Records from a data collection:

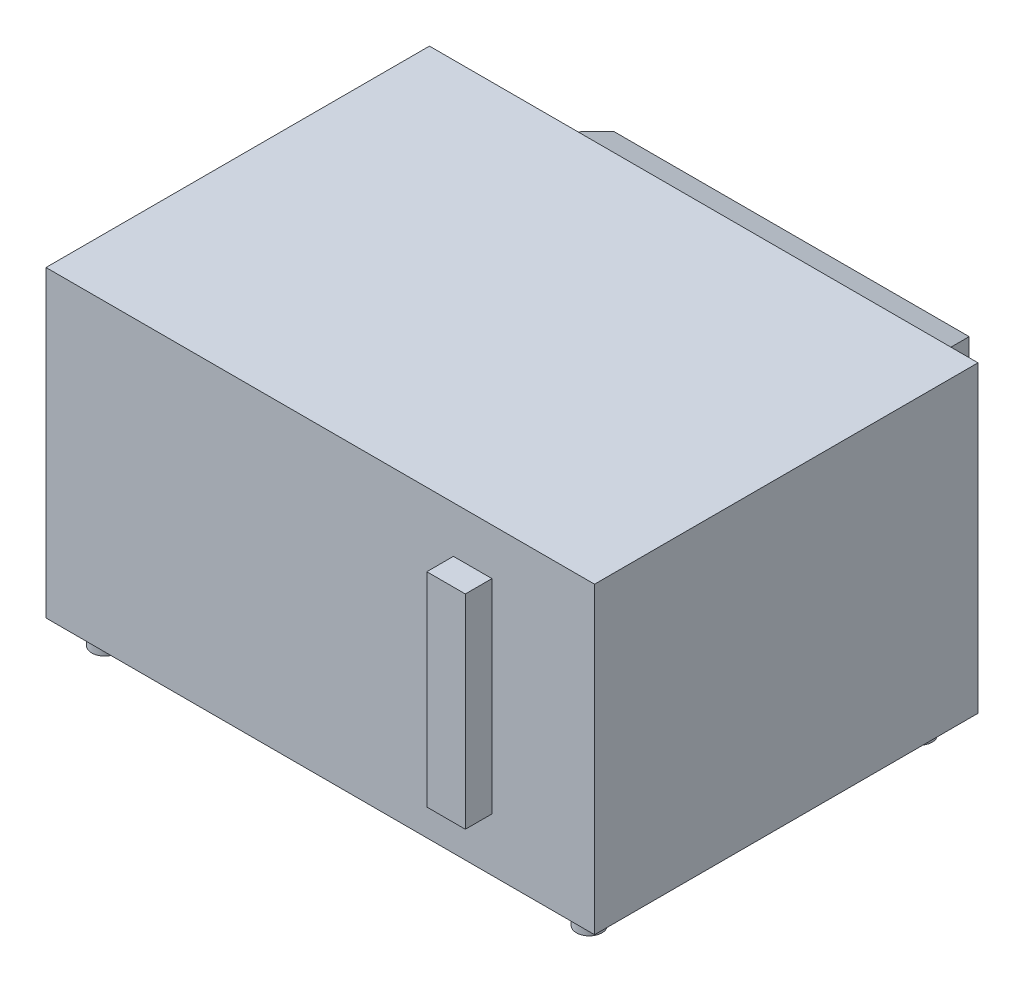
ISO-10303-21;
HEADER;
FILE_DESCRIPTION(('STEP AP214'),'2;1');
FILE_NAME('part.step','',(''),(''),'','','');
FILE_SCHEMA(('AUTOMOTIVE_DESIGN { 1 0 10303 214 1 1 1 1 }'));
ENDSEC;
DATA;
#1=APPLICATION_CONTEXT('core data for automotive mechanical design processes');
#2=APPLICATION_PROTOCOL_DEFINITION('international standard','automotive_design',2000,#1);
#3=PRODUCT_CONTEXT('',#1,'mechanical');
#4=PRODUCT('Part','Part','',(#3));
#5=PRODUCT_RELATED_PRODUCT_CATEGORY('part','',(#4));
#6=PRODUCT_DEFINITION_FORMATION('','',#4);
#7=PRODUCT_DEFINITION_CONTEXT('part definition',#1,'design');
#8=PRODUCT_DEFINITION('design','',#6,#7);
#9=PRODUCT_DEFINITION_SHAPE('','',#8);
#10=(LENGTH_UNIT() NAMED_UNIT(*) SI_UNIT(.MILLI.,.METRE.));
#11=(NAMED_UNIT(*) PLANE_ANGLE_UNIT() SI_UNIT($,.RADIAN.));
#12=(NAMED_UNIT(*) SI_UNIT($,.STERADIAN.) SOLID_ANGLE_UNIT());
#13=UNCERTAINTY_MEASURE_WITH_UNIT(LENGTH_MEASURE(1.E-05),#10,'distance_accuracy_value','');
#14=(GEOMETRIC_REPRESENTATION_CONTEXT(3) GLOBAL_UNCERTAINTY_ASSIGNED_CONTEXT((#13)) GLOBAL_UNIT_ASSIGNED_CONTEXT((#10,
#11,#12)) REPRESENTATION_CONTEXT('',''));
#15=CARTESIAN_POINT('',(0.,0.,0.));
#16=DIRECTION('',(0.,0.,1.));
#17=DIRECTION('',(1.,0.,0.));
#18=AXIS2_PLACEMENT_3D('',#15,#16,#17);
#19=CARTESIAN_POINT('',(0.,285.,-360.));
#20=DIRECTION('',(0.,0.,1.));
#21=DIRECTION('',(1.,0.,0.));
#22=AXIS2_PLACEMENT_3D('',#19,#20,#21);
#23=PLANE('',#22);
#24=DIRECTION('',(-1.,0.,0.));
#25=VECTOR('',#24,1.);
#26=CARTESIAN_POINT('',(0.,0.,-360.));
#27=LINE('',#26,#25);
#28=CARTESIAN_POINT('',(515.,0.,-360.));
#29=VERTEX_POINT('',#28);
#30=CARTESIAN_POINT('',(0.,0.,-360.));
#31=VERTEX_POINT('',#30);
#32=EDGE_CURVE('E216',#29,#31,#27,.T.);
#33=ORIENTED_EDGE('',*,*,#32,.T.);
#34=DIRECTION('',(0.,-1.,0.));
#35=VECTOR('',#34,1.);
#36=CARTESIAN_POINT('',(0.,285.,-360.));
#37=LINE('',#36,#35);
#38=CARTESIAN_POINT('',(0.,285.,-360.));
#39=VERTEX_POINT('',#38);
#40=EDGE_CURVE('E222',#39,#31,#37,.T.);
#41=ORIENTED_EDGE('',*,*,#40,.F.);
#42=DIRECTION('',(-1.,0.,0.));
#43=VECTOR('',#42,1.);
#44=CARTESIAN_POINT('',(0.,285.,-360.));
#45=LINE('',#44,#43);
#46=CARTESIAN_POINT('',(515.,285.,-360.));
#47=VERTEX_POINT('',#46);
#48=EDGE_CURVE('E220',#47,#39,#45,.T.);
#49=ORIENTED_EDGE('',*,*,#48,.F.);
#50=DIRECTION('',(0.,-1.,0.));
#51=VECTOR('',#50,1.);
#52=CARTESIAN_POINT('',(515.,285.,-360.));
#53=LINE('',#52,#51);
#54=EDGE_CURVE('E232',#47,#29,#53,.T.);
#55=ORIENTED_EDGE('',*,*,#54,.T.);
#56=EDGE_LOOP('',(#33,#41,#49,#55));
#57=FACE_BOUND('',#56,.T.);
#58=DIRECTION('',(0.,-1.,0.));
#59=VECTOR('',#58,1.);
#60=CARTESIAN_POINT('',(449.339882770603,56.0970078059777,-360.));
#61=LINE('',#60,#59);
#62=CARTESIAN_POINT('',(449.339882770603,244.765983423347,-360.));
#63=VERTEX_POINT('',#62);
#64=CARTESIAN_POINT('',(449.339882770603,56.0970078059777,-360.));
#65=VERTEX_POINT('',#64);
#66=EDGE_CURVE('E51',#63,#65,#61,.T.);
#67=ORIENTED_EDGE('',*,*,#66,.F.);
#68=DIRECTION('',(1.,0.,0.));
#69=VECTOR('',#68,1.);
#70=CARTESIAN_POINT('',(449.339882770603,244.765983423347,-360.));
#71=LINE('',#70,#69);
#72=CARTESIAN_POINT('',(60.3752719740087,244.765983423347,-360.));
#73=VERTEX_POINT('',#72);
#74=EDGE_CURVE('E55',#73,#63,#71,.T.);
#75=ORIENTED_EDGE('',*,*,#74,.F.);
#76=DIRECTION('',(0.,1.,0.));
#77=VECTOR('',#76,1.);
#78=CARTESIAN_POINT('',(60.3752719740087,56.0970078059777,-360.));
#79=LINE('',#78,#77);
#80=CARTESIAN_POINT('',(60.3752719740087,56.0970078059777,-360.));
#81=VERTEX_POINT('',#80);
#82=EDGE_CURVE('E120',#81,#73,#79,.T.);
#83=ORIENTED_EDGE('',*,*,#82,.F.);
#84=DIRECTION('',(-1.,0.,0.));
#85=VECTOR('',#84,1.);
#86=CARTESIAN_POINT('',(449.339882770603,56.0970078059777,-360.));
#87=LINE('',#86,#85);
#88=EDGE_CURVE('E122',#65,#81,#87,.T.);
#89=ORIENTED_EDGE('',*,*,#88,.F.);
#90=EDGE_LOOP('',(#67,#75,#83,#89));
#91=FACE_BOUND('',#90,.T.);
#92=ADVANCED_FACE('F36',(#57,#91),#23,.F.);
#93=CARTESIAN_POINT('',(0.,285.,0.));
#94=DIRECTION('',(0.,0.,-1.));
#95=DIRECTION('',(-1.,0.,0.));
#96=AXIS2_PLACEMENT_3D('',#93,#94,#95);
#97=PLANE('',#96);
#98=DIRECTION('',(1.,0.,0.));
#99=VECTOR('',#98,1.);
#100=CARTESIAN_POINT('',(0.,0.,0.));
#101=LINE('',#100,#99);
#102=CARTESIAN_POINT('',(0.,0.,0.));
#103=VERTEX_POINT('',#102);
#104=CARTESIAN_POINT('',(515.,0.,0.));
#105=VERTEX_POINT('',#104);
#106=EDGE_CURVE('E225',#103,#105,#101,.T.);
#107=ORIENTED_EDGE('',*,*,#106,.T.);
#108=DIRECTION('',(0.,-1.,0.));
#109=VECTOR('',#108,1.);
#110=CARTESIAN_POINT('',(515.,285.,0.));
#111=LINE('',#110,#109);
#112=CARTESIAN_POINT('',(515.,285.,0.));
#113=VERTEX_POINT('',#112);
#114=EDGE_CURVE('E44',#113,#105,#111,.T.);
#115=ORIENTED_EDGE('',*,*,#114,.F.);
#116=DIRECTION('',(1.,0.,0.));
#117=VECTOR('',#116,1.);
#118=CARTESIAN_POINT('',(0.,285.,0.));
#119=LINE('',#118,#117);
#120=CARTESIAN_POINT('',(0.,285.,0.));
#121=VERTEX_POINT('',#120);
#122=EDGE_CURVE('E215',#121,#113,#119,.T.);
#123=ORIENTED_EDGE('',*,*,#122,.F.);
#124=DIRECTION('',(0.,-1.,0.));
#125=VECTOR('',#124,1.);
#126=CARTESIAN_POINT('',(0.,285.,0.));
#127=LINE('',#126,#125);
#128=EDGE_CURVE('E11',#121,#103,#127,.T.);
#129=ORIENTED_EDGE('',*,*,#128,.T.);
#130=EDGE_LOOP('',(#107,#115,#123,#129));
#131=FACE_BOUND('',#130,.T.);
#132=DIRECTION('',(0.,-1.,0.));
#133=VECTOR('',#132,1.);
#134=CARTESIAN_POINT('',(382.512593838522,241.397812036806,0.));
#135=LINE('',#134,#133);
#136=CARTESIAN_POINT('',(382.512593838522,241.397812036806,0.));
#137=VERTEX_POINT('',#136);
#138=CARTESIAN_POINT('',(382.512593838522,50.0706765226009,0.));
#139=VERTEX_POINT('',#138);
#140=EDGE_CURVE('E141',#137,#139,#135,.T.);
#141=ORIENTED_EDGE('',*,*,#140,.F.);
#142=DIRECTION('',(-1.,0.,0.));
#143=VECTOR('',#142,1.);
#144=CARTESIAN_POINT('',(382.512593838522,241.397812036806,0.));
#145=LINE('',#144,#143);
#146=CARTESIAN_POINT('',(418.687780289349,241.397812036806,0.));
#147=VERTEX_POINT('',#146);
#148=EDGE_CURVE('E159',#147,#137,#145,.T.);
#149=ORIENTED_EDGE('',*,*,#148,.F.);
#150=DIRECTION('',(0.,1.,0.));
#151=VECTOR('',#150,1.);
#152=CARTESIAN_POINT('',(418.687780289349,241.397812036806,0.));
#153=LINE('',#152,#151);
#154=CARTESIAN_POINT('',(418.68778028935,50.0706765226009,0.));
#155=VERTEX_POINT('',#154);
#156=EDGE_CURVE('E171',#155,#147,#153,.T.);
#157=ORIENTED_EDGE('',*,*,#156,.F.);
#158=DIRECTION('',(1.,0.,0.));
#159=VECTOR('',#158,1.);
#160=CARTESIAN_POINT('',(382.512593838522,50.0706765226009,0.));
#161=LINE('',#160,#159);
#162=EDGE_CURVE('E168',#139,#155,#161,.T.);
#163=ORIENTED_EDGE('',*,*,#162,.F.);
#164=EDGE_LOOP('',(#141,#149,#157,#163));
#165=FACE_BOUND('',#164,.T.);
#166=ADVANCED_FACE('F254',(#131,#165),#97,.F.);
#167=CARTESIAN_POINT('',(0.,285.,0.));
#168=DIRECTION('',(1.,0.,0.));
#169=DIRECTION('',(0.,0.,-1.));
#170=AXIS2_PLACEMENT_3D('',#167,#168,#169);
#171=PLANE('',#170);
#172=DIRECTION('',(0.,0.,1.));
#173=VECTOR('',#172,1.);
#174=CARTESIAN_POINT('',(0.,0.,0.));
#175=LINE('',#174,#173);
#176=EDGE_CURVE('E209',#31,#103,#175,.T.);
#177=ORIENTED_EDGE('',*,*,#176,.T.);
#178=ORIENTED_EDGE('',*,*,#128,.F.);
#179=DIRECTION('',(0.,0.,1.));
#180=VECTOR('',#179,1.);
#181=CARTESIAN_POINT('',(0.,285.,0.));
#182=LINE('',#181,#180);
#183=EDGE_CURVE('E212',#39,#121,#182,.T.);
#184=ORIENTED_EDGE('',*,*,#183,.F.);
#185=ORIENTED_EDGE('',*,*,#40,.T.);
#186=EDGE_LOOP('',(#177,#178,#184,#185));
#187=FACE_BOUND('',#186,.T.);
#188=ADVANCED_FACE('F38',(#187),#171,.F.);
#189=CARTESIAN_POINT('',(515.,285.,0.));
#190=DIRECTION('',(-1.,0.,0.));
#191=DIRECTION('',(0.,0.,1.));
#192=AXIS2_PLACEMENT_3D('',#189,#190,#191);
#193=PLANE('',#192);
#194=DIRECTION('',(0.,0.,-1.));
#195=VECTOR('',#194,1.);
#196=CARTESIAN_POINT('',(515.,0.,0.));
#197=LINE('',#196,#195);
#198=EDGE_CURVE('E227',#105,#29,#197,.T.);
#199=ORIENTED_EDGE('',*,*,#198,.T.);
#200=ORIENTED_EDGE('',*,*,#54,.F.);
#201=DIRECTION('',(0.,0.,-1.));
#202=VECTOR('',#201,1.);
#203=CARTESIAN_POINT('',(515.,285.,0.));
#204=LINE('',#203,#202);
#205=EDGE_CURVE('E218',#113,#47,#204,.T.);
#206=ORIENTED_EDGE('',*,*,#205,.F.);
#207=ORIENTED_EDGE('',*,*,#114,.T.);
#208=EDGE_LOOP('',(#199,#200,#206,#207));
#209=FACE_BOUND('',#208,.T.);
#210=ADVANCED_FACE('F239',(#209),#193,.F.);
#211=CARTESIAN_POINT('',(0.,285.,0.));
#212=DIRECTION('',(0.,-1.,0.));
#213=DIRECTION('',(0.,0.,-1.));
#214=AXIS2_PLACEMENT_3D('',#211,#212,#213);
#215=PLANE('',#214);
#216=ORIENTED_EDGE('',*,*,#183,.T.);
#217=ORIENTED_EDGE('',*,*,#122,.T.);
#218=ORIENTED_EDGE('',*,*,#205,.T.);
#219=ORIENTED_EDGE('',*,*,#48,.T.);
#220=EDGE_LOOP('',(#216,#217,#218,#219));
#221=FACE_BOUND('',#220,.T.);
#222=ADVANCED_FACE('F253',(#221),#215,.F.);
#223=CARTESIAN_POINT('',(0.,0.,0.));
#224=DIRECTION('',(0.,-1.,0.));
#225=DIRECTION('',(0.,0.,-1.));
#226=AXIS2_PLACEMENT_3D('',#223,#224,#225);
#227=PLANE('',#226);
#228=CARTESIAN_POINT('',(485.,0.,-24.9999999999999));
#229=DIRECTION('',(0.,-1.,0.));
#230=DIRECTION('',(0.,0.,1.));
#231=AXIS2_PLACEMENT_3D('',#228,#229,#230);
#232=CIRCLE('',#231,12.);
#233=CARTESIAN_POINT('',(485.,0.,-13.));
#234=VERTEX_POINT('',#233);
#235=EDGE_CURVE('E187',#234,#234,#232,.T.);
#236=ORIENTED_EDGE('',*,*,#235,.F.);
#237=EDGE_LOOP('',(#236));
#238=FACE_BOUND('',#237,.T.);
#239=CARTESIAN_POINT('',(485.,0.,-335.));
#240=DIRECTION('',(0.,-1.,0.));
#241=DIRECTION('',(0.,0.,-1.));
#242=AXIS2_PLACEMENT_3D('',#239,#240,#241);
#243=CIRCLE('',#242,12.);
#244=CARTESIAN_POINT('',(485.,0.,-347.));
#245=VERTEX_POINT('',#244);
#246=EDGE_CURVE('E191',#245,#245,#243,.T.);
#247=ORIENTED_EDGE('',*,*,#246,.F.);
#248=EDGE_LOOP('',(#247));
#249=FACE_BOUND('',#248,.T.);
#250=CARTESIAN_POINT('',(30.,0.,-335.));
#251=DIRECTION('',(0.,-1.,0.));
#252=DIRECTION('',(0.,0.,1.));
#253=AXIS2_PLACEMENT_3D('',#250,#251,#252);
#254=CIRCLE('',#253,12.);
#255=CARTESIAN_POINT('',(30.,0.,-323.));
#256=VERTEX_POINT('',#255);
#257=EDGE_CURVE('E197',#256,#256,#254,.T.);
#258=ORIENTED_EDGE('',*,*,#257,.F.);
#259=EDGE_LOOP('',(#258));
#260=FACE_BOUND('',#259,.T.);
#261=CARTESIAN_POINT('',(30.,0.,-25.));
#262=DIRECTION('',(0.,-1.,0.));
#263=DIRECTION('',(0.,0.,-1.));
#264=AXIS2_PLACEMENT_3D('',#261,#262,#263);
#265=CIRCLE('',#264,12.);
#266=CARTESIAN_POINT('',(30.,0.,-37.));
#267=VERTEX_POINT('',#266);
#268=EDGE_CURVE('E203',#267,#267,#265,.T.);
#269=ORIENTED_EDGE('',*,*,#268,.F.);
#270=EDGE_LOOP('',(#269));
#271=FACE_BOUND('',#270,.T.);
#272=ORIENTED_EDGE('',*,*,#176,.F.);
#273=ORIENTED_EDGE('',*,*,#32,.F.);
#274=ORIENTED_EDGE('',*,*,#198,.F.);
#275=ORIENTED_EDGE('',*,*,#106,.F.);
#276=EDGE_LOOP('',(#272,#273,#274,#275));
#277=FACE_BOUND('',#276,.T.);
#278=ADVANCED_FACE('F245',(#238,#249,#260,#271,#277),#227,.T.);
#279=CARTESIAN_POINT('',(30.,-20.,-25.));
#280=DIRECTION('',(0.,1.,0.));
#281=DIRECTION('',(0.,0.,1.));
#282=AXIS2_PLACEMENT_3D('',#279,#280,#281);
#283=CYLINDRICAL_SURFACE('',#282,12.);
#284=CARTESIAN_POINT('',(30.,-20.,-25.));
#285=DIRECTION('',(0.,-1.,0.));
#286=DIRECTION('',(0.,0.,-1.));
#287=AXIS2_PLACEMENT_3D('',#284,#285,#286);
#288=CIRCLE('',#287,12.);
#289=CARTESIAN_POINT('',(30.,-20.,-37.));
#290=VERTEX_POINT('',#289);
#291=EDGE_CURVE('E206',#290,#290,#288,.T.);
#292=ORIENTED_EDGE('',*,*,#291,.F.);
#293=EDGE_LOOP('',(#292));
#294=FACE_BOUND('',#293,.T.);
#295=ORIENTED_EDGE('',*,*,#268,.T.);
#296=EDGE_LOOP('',(#295));
#297=FACE_BOUND('',#296,.T.);
#298=ADVANCED_FACE('F445',(#294,#297),#283,.T.);
#299=CARTESIAN_POINT('',(30.,-20.,-25.));
#300=DIRECTION('',(0.,-1.,0.));
#301=DIRECTION('',(0.,0.,-1.));
#302=AXIS2_PLACEMENT_3D('',#299,#300,#301);
#303=PLANE('',#302);
#304=ORIENTED_EDGE('',*,*,#291,.T.);
#305=EDGE_LOOP('',(#304));
#306=FACE_BOUND('',#305,.T.);
#307=ADVANCED_FACE('F437',(#306),#303,.T.);
#308=CARTESIAN_POINT('',(30.,-20.,-335.));
#309=DIRECTION('',(0.,1.,0.));
#310=DIRECTION('',(0.,0.,1.));
#311=AXIS2_PLACEMENT_3D('',#308,#309,#310);
#312=CYLINDRICAL_SURFACE('',#311,12.);
#313=CARTESIAN_POINT('',(30.,-20.,-335.));
#314=DIRECTION('',(0.,-1.,0.));
#315=DIRECTION('',(0.,0.,1.));
#316=AXIS2_PLACEMENT_3D('',#313,#314,#315);
#317=CIRCLE('',#316,12.);
#318=CARTESIAN_POINT('',(30.,-20.,-323.));
#319=VERTEX_POINT('',#318);
#320=EDGE_CURVE('E200',#319,#319,#317,.T.);
#321=ORIENTED_EDGE('',*,*,#320,.F.);
#322=EDGE_LOOP('',(#321));
#323=FACE_BOUND('',#322,.T.);
#324=ORIENTED_EDGE('',*,*,#257,.T.);
#325=EDGE_LOOP('',(#324));
#326=FACE_BOUND('',#325,.T.);
#327=ADVANCED_FACE('F429',(#323,#326),#312,.T.);
#328=CARTESIAN_POINT('',(30.,-20.,-335.));
#329=DIRECTION('',(0.,1.,0.));
#330=DIRECTION('',(0.,0.,1.));
#331=AXIS2_PLACEMENT_3D('',#328,#329,#330);
#332=PLANE('',#331);
#333=ORIENTED_EDGE('',*,*,#320,.T.);
#334=EDGE_LOOP('',(#333));
#335=FACE_BOUND('',#334,.T.);
#336=ADVANCED_FACE('F421',(#335),#332,.F.);
#337=CARTESIAN_POINT('',(485.,-20.,-335.));
#338=DIRECTION('',(0.,1.,0.));
#339=DIRECTION('',(0.,0.,1.));
#340=AXIS2_PLACEMENT_3D('',#337,#338,#339);
#341=CYLINDRICAL_SURFACE('',#340,12.);
#342=CARTESIAN_POINT('',(485.,-20.,-335.));
#343=DIRECTION('',(0.,-1.,0.));
#344=DIRECTION('',(0.,0.,-1.));
#345=AXIS2_PLACEMENT_3D('',#342,#343,#344);
#346=CIRCLE('',#345,12.);
#347=CARTESIAN_POINT('',(485.,-20.,-347.));
#348=VERTEX_POINT('',#347);
#349=EDGE_CURVE('E194',#348,#348,#346,.T.);
#350=ORIENTED_EDGE('',*,*,#349,.F.);
#351=EDGE_LOOP('',(#350));
#352=FACE_BOUND('',#351,.T.);
#353=ORIENTED_EDGE('',*,*,#246,.T.);
#354=EDGE_LOOP('',(#353));
#355=FACE_BOUND('',#354,.T.);
#356=ADVANCED_FACE('F413',(#352,#355),#341,.T.);
#357=CARTESIAN_POINT('',(485.,-20.,-335.));
#358=DIRECTION('',(0.,-1.,0.));
#359=DIRECTION('',(0.,0.,-1.));
#360=AXIS2_PLACEMENT_3D('',#357,#358,#359);
#361=PLANE('',#360);
#362=ORIENTED_EDGE('',*,*,#349,.T.);
#363=EDGE_LOOP('',(#362));
#364=FACE_BOUND('',#363,.T.);
#365=ADVANCED_FACE('F405',(#364),#361,.T.);
#366=CARTESIAN_POINT('',(485.,-20.,-24.9999999999999));
#367=DIRECTION('',(0.,1.,0.));
#368=DIRECTION('',(0.,0.,1.));
#369=AXIS2_PLACEMENT_3D('',#366,#367,#368);
#370=CYLINDRICAL_SURFACE('',#369,12.);
#371=CARTESIAN_POINT('',(485.,-20.,-24.9999999999999));
#372=DIRECTION('',(0.,-1.,0.));
#373=DIRECTION('',(0.,0.,1.));
#374=AXIS2_PLACEMENT_3D('',#371,#372,#373);
#375=CIRCLE('',#374,12.);
#376=CARTESIAN_POINT('',(485.,-20.,-13.));
#377=VERTEX_POINT('',#376);
#378=EDGE_CURVE('E188',#377,#377,#375,.T.);
#379=ORIENTED_EDGE('',*,*,#378,.F.);
#380=EDGE_LOOP('',(#379));
#381=FACE_BOUND('',#380,.T.);
#382=ORIENTED_EDGE('',*,*,#235,.T.);
#383=EDGE_LOOP('',(#382));
#384=FACE_BOUND('',#383,.T.);
#385=ADVANCED_FACE('F400',(#381,#384),#370,.T.);
#386=CARTESIAN_POINT('',(485.,-20.,-24.9999999999999));
#387=DIRECTION('',(0.,1.,0.));
#388=DIRECTION('',(0.,0.,1.));
#389=AXIS2_PLACEMENT_3D('',#386,#387,#388);
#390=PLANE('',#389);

YOUR INSTRUCTIONS
Scan the lines above for "CIRCLE", then copy every one that has it.

WRITTEN RESPONSE
#232=CIRCLE('',#231,12.);
#243=CIRCLE('',#242,12.);
#254=CIRCLE('',#253,12.);
#265=CIRCLE('',#264,12.);
#288=CIRCLE('',#287,12.);
#317=CIRCLE('',#316,12.);
#346=CIRCLE('',#345,12.);
#375=CIRCLE('',#374,12.);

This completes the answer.